Nonobstant son bien-fondé, la révélation du ministre des affaires sociales laisse supposer pour le moins cette explication : elle réside dans les comportements maladifs de certaines personnes qui, quoique disposant des moyens de mener une vie décente, s’abaissent à des niveaux dégradants au détriment de leur dignité et de leur amour propre.
On vit malheureusement dans un monde où l’attachement à la matière est si obsessionnel qu’on ne recule devant rien pour l’amasser et la cumuler. Pour les uns, l’opportunisme et le « lèche –bottes » sont des comportements ordinaires et payants. Pour les autres, la prostitution, la corruption et les malversations permettent de vivre au dessus de ses moyens.
Et pour une minorité, la mendicité est une activité comme toute autre. Pour cette dernière catégorie, la tendance n’est pas seulement dans la manche. Chaque fois qu’il s’agit d’une aide sociale aux démunis, ils sont les premiers à la réclamer en fabriquant des documents et en inventant des histoires. Chaque fois qu’il s’agit de dédommager des victimes, ils se prévalent d’une fausse qualité. La mascarade des certificats médicaux délivrés à des soi-disant blessés de la révolution en est une illustration écœurante.
Mais pour être juste avec tout le monde, la débrouillardise n’est pas la seule explication à la situation rapportée par le ministre. Et tout d’abord, il sied de rappeler que l’affiliation à la CNSS ne signifie pas forcément allocation de prestations et de pensions sociales. Des milliers de personnes n’ont de l’affiliation que les références de l’immatriculation. Leurs anciens employeurs les inscrivent à la CNSS sans payer les cotisations puis les licencient sans leur donner leurs droits. Théoriquement, ils sont des affiliés sociaux mais pratiquement, ils sont des délaissés sociaux.

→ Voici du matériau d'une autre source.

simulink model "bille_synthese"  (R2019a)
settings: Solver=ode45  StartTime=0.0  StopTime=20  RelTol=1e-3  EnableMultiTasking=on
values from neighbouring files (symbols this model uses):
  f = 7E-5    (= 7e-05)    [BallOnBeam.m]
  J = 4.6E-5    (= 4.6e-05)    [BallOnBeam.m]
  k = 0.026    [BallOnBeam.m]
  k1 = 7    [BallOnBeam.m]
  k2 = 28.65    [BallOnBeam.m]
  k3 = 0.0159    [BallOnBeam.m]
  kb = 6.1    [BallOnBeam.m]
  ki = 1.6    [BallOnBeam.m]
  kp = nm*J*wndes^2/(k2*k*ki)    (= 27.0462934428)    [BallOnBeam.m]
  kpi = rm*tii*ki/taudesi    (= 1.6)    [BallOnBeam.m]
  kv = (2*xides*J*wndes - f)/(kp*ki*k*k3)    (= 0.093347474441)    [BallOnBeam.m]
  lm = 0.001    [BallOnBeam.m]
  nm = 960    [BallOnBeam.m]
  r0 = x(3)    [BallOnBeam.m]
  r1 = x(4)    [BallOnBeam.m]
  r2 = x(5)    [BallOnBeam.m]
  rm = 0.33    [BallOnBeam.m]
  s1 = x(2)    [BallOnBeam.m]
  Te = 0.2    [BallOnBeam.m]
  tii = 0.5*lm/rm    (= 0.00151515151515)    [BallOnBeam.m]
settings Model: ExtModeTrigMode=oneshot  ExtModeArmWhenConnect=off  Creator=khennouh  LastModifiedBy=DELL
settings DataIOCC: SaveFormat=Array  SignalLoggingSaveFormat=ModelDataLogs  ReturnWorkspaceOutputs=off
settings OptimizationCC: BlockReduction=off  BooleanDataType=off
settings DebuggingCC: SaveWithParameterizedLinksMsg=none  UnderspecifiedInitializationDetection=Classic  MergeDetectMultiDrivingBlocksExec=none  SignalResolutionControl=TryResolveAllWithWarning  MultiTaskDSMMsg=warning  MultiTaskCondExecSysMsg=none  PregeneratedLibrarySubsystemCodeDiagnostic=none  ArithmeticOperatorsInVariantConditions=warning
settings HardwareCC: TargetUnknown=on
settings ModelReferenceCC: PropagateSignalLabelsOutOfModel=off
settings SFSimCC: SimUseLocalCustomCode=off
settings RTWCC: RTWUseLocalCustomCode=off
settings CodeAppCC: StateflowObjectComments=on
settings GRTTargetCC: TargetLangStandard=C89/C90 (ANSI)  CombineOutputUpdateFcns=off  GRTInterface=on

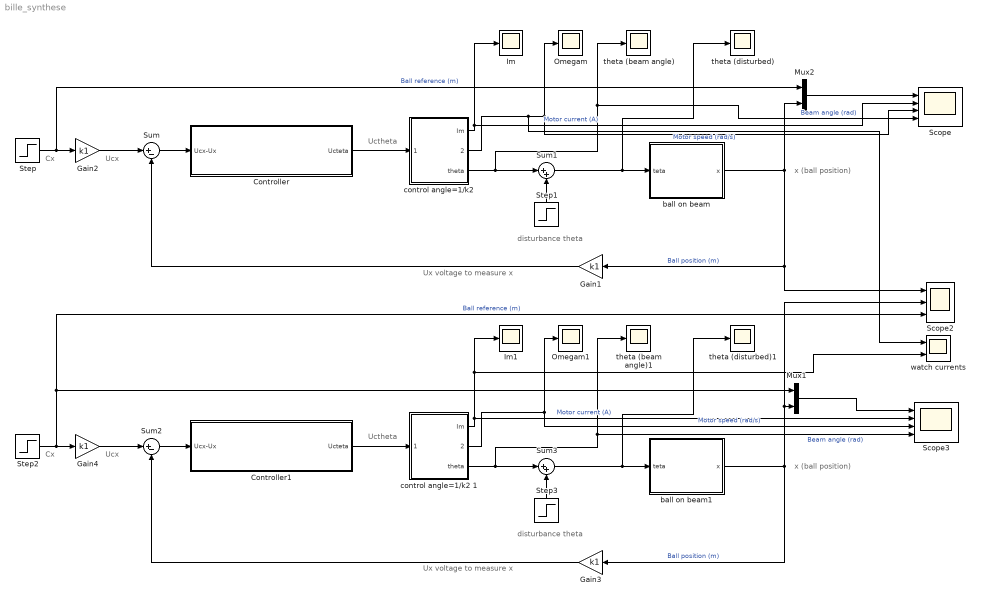
== system bille_synthese ==
  note: disturbance theta
  note: Uctheta
  note: x (ball position)
  note: Ucx
  note: Ux voltage to measure x
  note: Cx
  note: Cx
  note: disturbance theta
  note: Ux voltage to measure x
  note: x (ball position)
  note: Uctheta
  note: Ucx
  Controller : Subsystem
  Controller1 : Subsystem
  Gain{1..4} (4 alike) : Gain  Gain=k1  SaturateOnIntegerOverflow=on  OutDataTypeStr=Inherit: Same as input  ParamDataTypeStr=Inherit: Same as input
  Im : Scope
  Im1 : Scope
  Mux1 : Mux  Inputs=2
  Mux2 : Mux  Inputs=2
  Omegam : Scope
  Omegam1 : Scope
  Scope : Scope  NumInputPorts=4
  Scope2 : Scope  NumInputPorts=3
  Scope3 : Scope  NumInputPorts=4
  Step : Step  After=0.1  SampleTime=0
  Step1 : Step  Time=10  After=1*pi/180  SampleTime=0
  Step2 : Step  After=0.1  SampleTime=0
  Step3 : Step  Time=10  After=1*pi/180  SampleTime=0
  Sum : Sum  Inputs=|+-  SaturateOnIntegerOverflow=on  InputSameDT=on  OutDataTypeStr=Inherit: Same as first input
  Sum1 : Sum  Inputs=|++  SaturateOnIntegerOverflow=on  InputSameDT=on  OutDataTypeStr=Inherit: Same as first input
  Sum2 : Sum  Inputs=|+-  SaturateOnIntegerOverflow=on  InputSameDT=on  OutDataTypeStr=Inherit: Same as first input
  Sum3 : Sum  Inputs=|++  SaturateOnIntegerOverflow=on  InputSameDT=on  OutDataTypeStr=Inherit: Same as first input
  ball on beam : Subsystem
  ball on beam1 : Subsystem
  "control angle=1/k2 " : Subsystem
  control angle=1/k2 1 : Subsystem
  theta (beam angle) : Scope
  theta (beam angle)1 : Scope
  theta (disturbed) : Scope
  theta (disturbed)1 : Scope
  "watch currents " : Scope  NumInputPorts=2
  wires:
  "control angle=1/k2 "/1(Im) -> Im/1, Scope/2  "Motor current (A)"
  "control angle=1/k2 "/2(omega) -> "watch currents "/1, Omegam/1, Scope/3  "Motor speed (rad/s)"
  Gain1/1 -> Sum/2
  Gain2/1 -> Sum/1
  Step/1 -> Mux2/1, Gain2/1  "Ball reference (m)"
  Step1/1 -> Sum1/2
  Mux2/1 -> Scope/1
  "control angle=1/k2 "/3(theta) -> Scope/4, theta (beam angle)/1, Sum1/1  "Beam angle (rad)"
  ball on beam/1(x) -> Mux2/2, Scope2/1, Gain1/1  "Ball position (m)"
  Sum1/1 -> theta (disturbed)/1, ball on beam/1(teta)
  Sum/1 -> Controller/1(Ucx-Ux)
  Controller/1(Ucteta) -> "control angle=1/k2 "/1(Uctheta)
  control angle=1/k2 1/1(Im) -> "watch currents "/2, Im1/1, Scope3/2  "Motor current (A)"
  Gain3/1 -> Sum2/2
  control angle=1/k2 1/3(theta) -> theta (beam angle)1/1, Scope3/4, Sum3/1  "Beam angle (rad)"
  Controller1/1(Ucteta) -> control angle=1/k2 1/1(Uctheta)
  Sum2/1 -> Controller1/1(Ucx-Ux)
  Sum3/1 -> theta (disturbed)1/1, ball on beam1/1(teta)
  Mux1/1 -> Scope3/1
  Step2/1 -> Scope2/3, Mux1/1, Gain4/1  "Ball reference (m)"
  Step3/1 -> Sum3/2
  control angle=1/k2 1/2(omega) -> Omegam1/1, Scope3/3  "Motor speed (rad/s)"
  Gain4/1 -> Sum2/1
  ball on beam1/1(x) -> Scope2/2, Mux1/2, Gain3/1  "Ball position (m)"

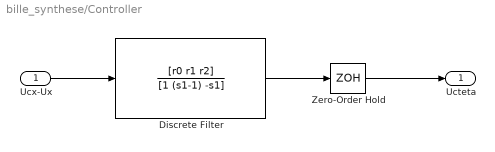
== system bille_synthese/Controller ==
  Ucx-Ux : Inport
  Discrete Filter : DiscreteFilter  Numerator=[r0 r1 r2]  Denominator=[1 (s1-1) -s1]  SampleTime=Te
  Zero-Order Hold : ZeroOrderHold  SampleTime=-1
  Ucteta : Outport
  wires:
  Ucx-Ux/1 -> Discrete Filter/1
  Zero-Order Hold/1 -> Ucteta/1
  Discrete Filter/1 -> Zero-Order Hold/1

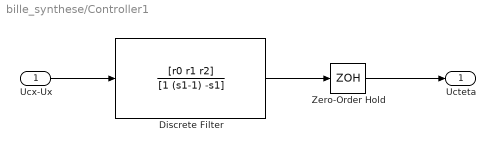
== system bille_synthese/Controller1 ==
  Ucx-Ux : Inport
  Discrete Filter : DiscreteFilter  Numerator=[r0 r1 r2]  Denominator=[1 (s1-1) -s1]  SampleTime=Te
  Zero-Order Hold : ZeroOrderHold  SampleTime=-1
  Ucteta : Outport
  wires:
  Ucx-Ux/1 -> Discrete Filter/1
  Zero-Order Hold/1 -> Ucteta/1
  Discrete Filter/1 -> Zero-Order Hold/1

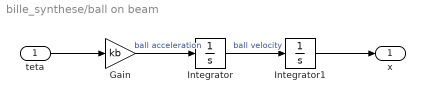
== system bille_synthese/ball on beam ==
  teta : Inport
  Gain : Gain  Gain=kb
  Integrator : Integrator
  Integrator1 : Integrator
  x : Outport
  wires:
  Integrator/1 -> Integrator1/1  "ball velocity"
  Integrator1/1 -> x/1
  teta/1 -> Gain/1
  Gain/1 -> Integrator/1  "ball acceleration"

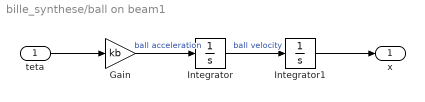
== system bille_synthese/ball on beam1 ==
  teta : Inport
  Gain : Gain  Gain=kb
  Integrator : Integrator
  Integrator1 : Integrator
  x : Outport
  wires:
  Integrator/1 -> Integrator1/1  "ball velocity"
  Integrator1/1 -> x/1
  teta/1 -> Gain/1
  Gain/1 -> Integrator/1  "ball acceleration"

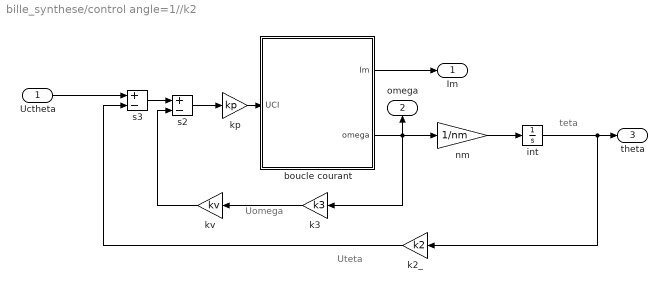
== system bille_synthese/control angle=1//k2  ==
  note: Uomega
  note: teta
  note: Uteta
  Uctheta : Inport
  boucle courant : Subsystem
  int : Integrator
  k2_ : Gain  Gain=k2  SaturateOnIntegerOverflow=on  OutDataTypeStr=Inherit: Same as input  ParamDataTypeStr=Inherit: Same as input
  k3 : Gain  Gain=k3  SaturateOnIntegerOverflow=on  OutDataTypeStr=Inherit: Same as input  ParamDataTypeStr=Inherit: Same as input
  kp : Gain  Gain=kp  SaturateOnIntegerOverflow=on  OutDataTypeStr=Inherit: Same as input  ParamDataTypeStr=Inherit: Same as input
  kv : Gain  Gain=kv  SaturateOnIntegerOverflow=on  OutDataTypeStr=Inherit: Same as input  ParamDataTypeStr=Inherit: Same as input
  nm : Gain  Gain=1/nm  SaturateOnIntegerOverflow=on  OutDataTypeStr=Inherit: Same as input  ParamDataTypeStr=Inherit: Same as input
  s2 : Sum  Inputs=+-  SaturateOnIntegerOverflow=on  InputSameDT=on  OutDataTypeStr=Inherit: Same as first input
  s3 : Sum  Inputs=+-  SaturateOnIntegerOverflow=on  InputSameDT=on  OutDataTypeStr=Inherit: Same as first input
  Im : Outport
  omega : Outport  Port=2
  theta : Outport  Port=3
  wires:
  kp/1 -> boucle courant/1(UCI)
  s2/1 -> kp/1
  s3/1 -> s2/1
  nm/1 -> int/1
  boucle courant/2(omega) -> nm/1, k3/1, omega/1
  k3/1 -> kv/1
  kv/1 -> s2/2
  int/1 -> k2_/1, theta/1
  k2_/1 -> s3/2
  boucle courant/1(Im) -> Im/1
  Uctheta/1 -> s3/1

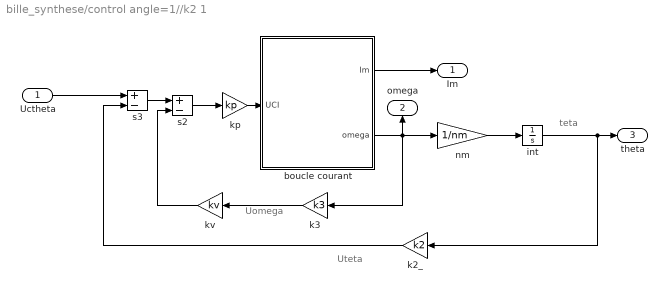
== system bille_synthese/control angle=1//k2 1 ==
  note: Uomega
  note: teta
  note: Uteta
  Uctheta : Inport
  boucle courant : Subsystem
  int : Integrator
  k2_ : Gain  Gain=k2  SaturateOnIntegerOverflow=on  OutDataTypeStr=Inherit: Same as input  ParamDataTypeStr=Inherit: Same as input
  k3 : Gain  Gain=k3  SaturateOnIntegerOverflow=on  OutDataTypeStr=Inherit: Same as input  ParamDataTypeStr=Inherit: Same as input
  kp : Gain  Gain=kp  SaturateOnIntegerOverflow=on  OutDataTypeStr=Inherit: Same as input  ParamDataTypeStr=Inherit: Same as input
  kv : Gain  Gain=kv  SaturateOnIntegerOverflow=on  OutDataTypeStr=Inherit: Same as input  ParamDataTypeStr=Inherit: Same as input
  nm : Gain  Gain=1/nm  SaturateOnIntegerOverflow=on  OutDataTypeStr=Inherit: Same as input  ParamDataTypeStr=Inherit: Same as input
  s2 : Sum  Inputs=+-  SaturateOnIntegerOverflow=on  InputSameDT=on  OutDataTypeStr=Inherit: Same as first input
  s3 : Sum  Inputs=+-  SaturateOnIntegerOverflow=on  InputSameDT=on  OutDataTypeStr=Inherit: Same as first input
  Im : Outport
  omega : Outport  Port=2
  theta : Outport  Port=3
  wires:
  kp/1 -> boucle courant/1(UCI)
  s2/1 -> kp/1
  s3/1 -> s2/1
  nm/1 -> int/1
  boucle courant/2(omega) -> nm/1, k3/1, omega/1
  k3/1 -> kv/1
  kv/1 -> s2/2
  int/1 -> k2_/1, theta/1
  k2_/1 -> s3/2
  boucle courant/1(Im) -> Im/1
  Uctheta/1 -> s3/1

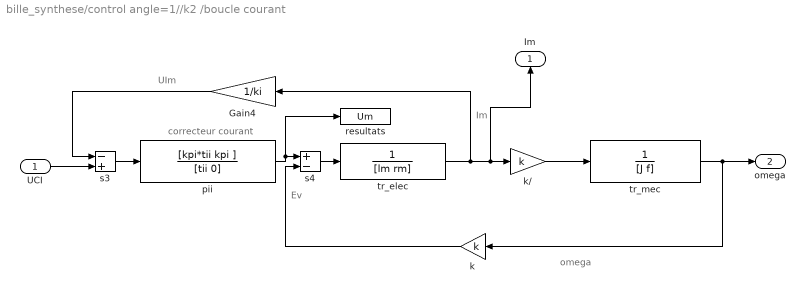
== system bille_synthese/control angle=1//k2 /boucle courant ==
  note: correcteur courant
  note: Im
  note: Ev
  note: UIm
  note: omega
  UCI : Inport
  Gain4 : Gain  Gain=1/ki  SaturateOnIntegerOverflow=on  OutDataTypeStr=Inherit: Same as input  ParamDataTypeStr=Inherit: Same as input
  k : Gain  Gain=k  SaturateOnIntegerOverflow=on  OutDataTypeStr=Inherit: Same as input  ParamDataTypeStr=Inherit: Same as input
  "k/ " : Gain  Gain=k  SaturateOnIntegerOverflow=on  OutDataTypeStr=Inherit: Same as input  ParamDataTypeStr=Inherit: Same as input
  pii : TransferFcn  Numerator=[kpi*tii kpi ]  Denominator=[tii 0]
  resultats : ToWorkspace  VariableName=Um
      settings: MaxDataPoints=20000
  s3 : Sum  Inputs=-+  SaturateOnIntegerOverflow=on  InputSameDT=on  OutDataTypeStr=Inherit: Same as first input
  s4 : Sum  Inputs=+-  SaturateOnIntegerOverflow=on  InputSameDT=on  OutDataTypeStr=Inherit: Same as first input
  tr_elec : TransferFcn  Denominator=[lm rm]
  tr_mec : TransferFcn  Denominator=[J f]
  Im : Outport
  omega : Outport  Port=2
  wires:
  s4/1 -> tr_elec/1
  Gain4/1 -> s3/1
  s3/1 -> pii/1
  k/1 -> s4/2
  "k/ "/1 -> tr_mec/1
  tr_mec/1 -> k/1, omega/1
  UCI/1 -> s3/2
  pii/1 -> s4/1, resultats/1
  tr_elec/1 -> Gain4/1, "k/ "/1, Im/1

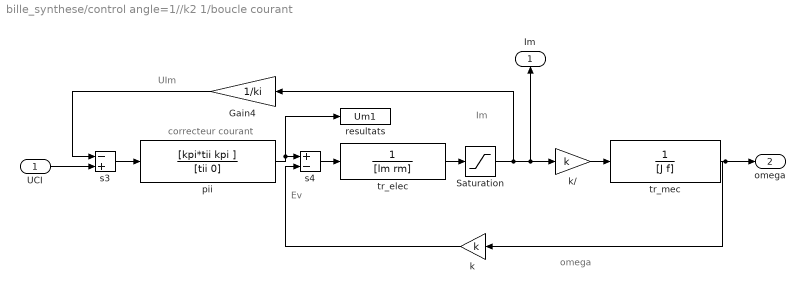
== system bille_synthese/control angle=1//k2 1/boucle courant ==
  note: correcteur courant
  note: Im
  note: Ev
  note: UIm
  note: omega
  UCI : Inport
  Gain4 : Gain  Gain=1/ki  SaturateOnIntegerOverflow=on  OutDataTypeStr=Inherit: Same as input  ParamDataTypeStr=Inherit: Same as input
  Saturation : Saturate  UpperLimit=400  LowerLimit=-400  LinearizeAsGain=off
  k : Gain  Gain=k  SaturateOnIntegerOverflow=on  OutDataTypeStr=Inherit: Same as input  ParamDataTypeStr=Inherit: Same as input
  "k/ " : Gain  Gain=k  SaturateOnIntegerOverflow=on  OutDataTypeStr=Inherit: Same as input  ParamDataTypeStr=Inherit: Same as input
  pii : TransferFcn  Numerator=[kpi*tii kpi ]  Denominator=[tii 0]
  resultats : ToWorkspace  VariableName=Um1
      settings: MaxDataPoints=20000
  s3 : Sum  Inputs=-+  SaturateOnIntegerOverflow=on  InputSameDT=on  OutDataTypeStr=Inherit: Same as first input
  s4 : Sum  Inputs=+-  SaturateOnIntegerOverflow=on  InputSameDT=on  OutDataTypeStr=Inherit: Same as first input
  tr_elec : TransferFcn  Denominator=[lm rm]
  tr_mec : TransferFcn  Denominator=[J f]
  Im : Outport
  omega : Outport  Port=2
  wires:
  s4/1 -> tr_elec/1
  Gain4/1 -> s3/1
  s3/1 -> pii/1
  k/1 -> s4/2
  "k/ "/1 -> tr_mec/1
  tr_mec/1 -> k/1, omega/1
  UCI/1 -> s3/2
  pii/1 -> s4/1, resultats/1
  tr_elec/1 -> Saturation/1
  Saturation/1 -> Gain4/1, Im/1, "k/ "/1

Pour ceux qui sont affiliés à la CNSS et bénéficient de ces prestations, la dégradation du niveau de vie et l’insuffisance des salaires et des pensions servis pour subvenir aux besoins de la vie courante, incitent à la mendicité et à pire que la mendicité. Des retraités qui n’ont de revenu que la maigre pension allouée par la sécurité sociale, des salariés dont les émoluments permettent à peine de vivoter, des petits commerçants tombés du jour en lendemain en faillite, des ouvriers de chantiers, des serveurs et des vendeurs ayant perdu leur emploi, se trouvent bien obligés de tendre la main à autrui pour végéter .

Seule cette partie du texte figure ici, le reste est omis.